[[ Supplied material open ]]

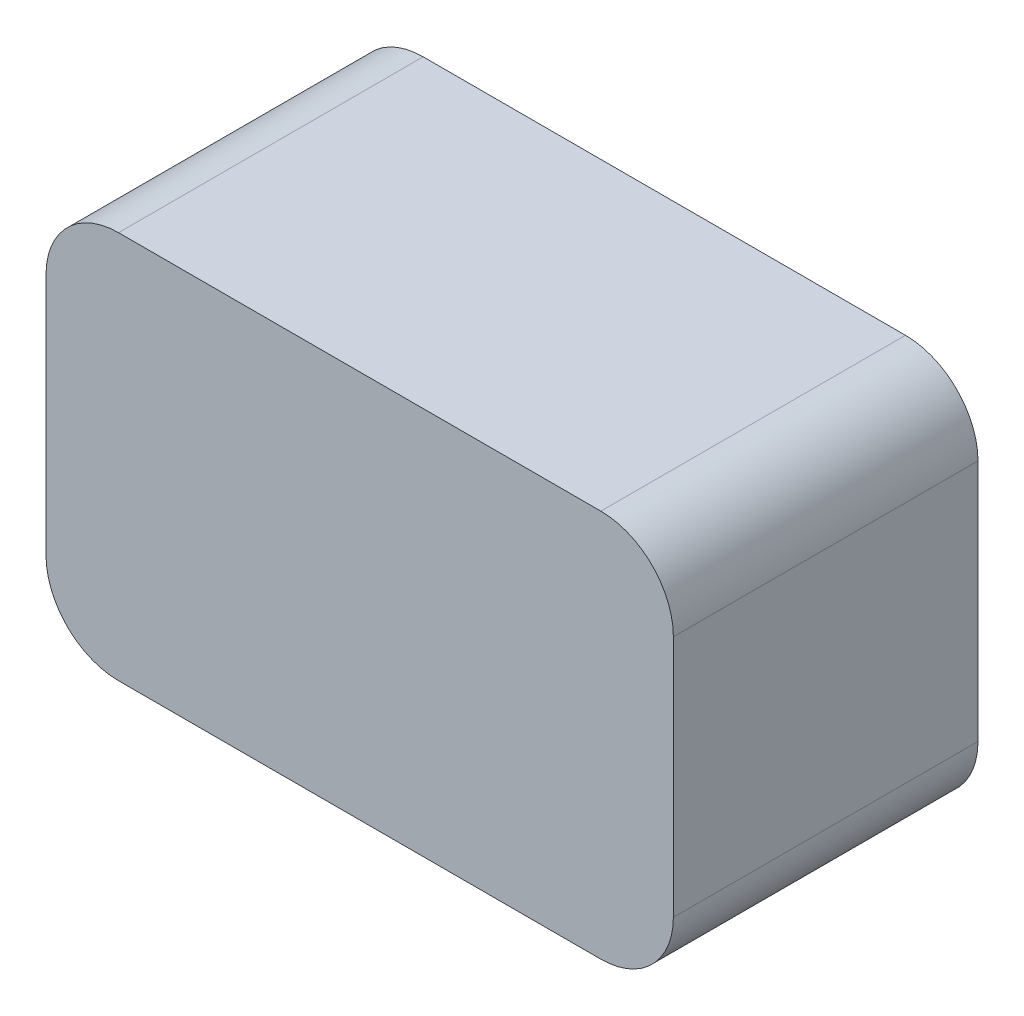
SolidWorks part; units mm, degrees
ref_plane "Płaszczyzna przednia" through (0, 0, 0) normal (0, 0, 1) x (1, 0, 0)
ref_plane "Płaszczyzna górna" through (0, 0, 0) normal (0, 1, 0) x (1, 0, 0)
ref_plane "Płaszczyzna prawa" through (0, 0, 0) normal (1, 0, 0) x (0, 0, -1)
sketch "Szkic1" plane through (0, 0, 0) normal (0, 0, 1) x (1, 0, 0)
  line L1 (-42.2351, 15.4291) -> (24.2649, 15.4291)
  line L2 (-52.2351, 5.4291) -> (-52.2351, -28.0709)
  line L3 (-42.2351, -38.0709) -> (24.2649, -38.0709)
  line L4 (34.2649, 5.4291) -> (34.2649, -28.0709)
  arc A0 (24.2649, 15.4291) -> (34.2649, 5.4291) centre (24.2649, 5.4291) cw
  arc A1 (24.2649, -38.0709) -> (34.2649, -28.0709) centre (24.2649, -28.0709) ccw
  arc A2 (-52.2351, -28.0709) -> (-42.2351, -38.0709) centre (-42.2351, -28.0709) ccw
  arc A3 (-42.2351, 15.4291) -> (-52.2351, 5.4291) centre (-42.2351, 5.4291) ccw
  point P6 (34.2649, 15.4291)
  point P11 (-52.2351, -38.0709)
  point P14 (-52.2351, 15.4291)
  dimension "D3" = 10
  dimension "D4" = 10
  dimension "D1" = 86.5
  dimension "D2" = 53.5
extrude "Dodanie-wyciągnięcie1" add sketch "Szkic1" along normal blind 42
ref_plane "Płaszczyzna symetrii" through (-8.9851, 0, 0) normal (-1, 0, 0) x (0, 0, 1)

[[ Supplied material closed ]]

Problem: Only an exact copy is needed: the lines from the opening of the listing through the line with "arc A1 (24.2649, -38.0709)", both included, minus the pictures.

Answer for this exercise:
SolidWorks part; units mm, degrees
ref_plane "Płaszczyzna przednia" through (0, 0, 0) normal (0, 0, 1) x (1, 0, 0)
ref_plane "Płaszczyzna górna" through (0, 0, 0) normal (0, 1, 0) x (1, 0, 0)
ref_plane "Płaszczyzna prawa" through (0, 0, 0) normal (1, 0, 0) x (0, 0, -1)
sketch "Szkic1" plane through (0, 0, 0) normal (0, 0, 1) x (1, 0, 0)
  line L1 (-42.2351, 15.4291) -> (24.2649, 15.4291)
  line L2 (-52.2351, 5.4291) -> (-52.2351, -28.0709)
  line L3 (-42.2351, -38.0709) -> (24.2649, -38.0709)
  line L4 (34.2649, 5.4291) -> (34.2649, -28.0709)
  arc A0 (24.2649, 15.4291) -> (34.2649, 5.4291) centre (24.2649, 5.4291) cw
  arc A1 (24.2649, -38.0709) -> (34.2649, -28.0709) centre (24.2649, -28.0709) ccw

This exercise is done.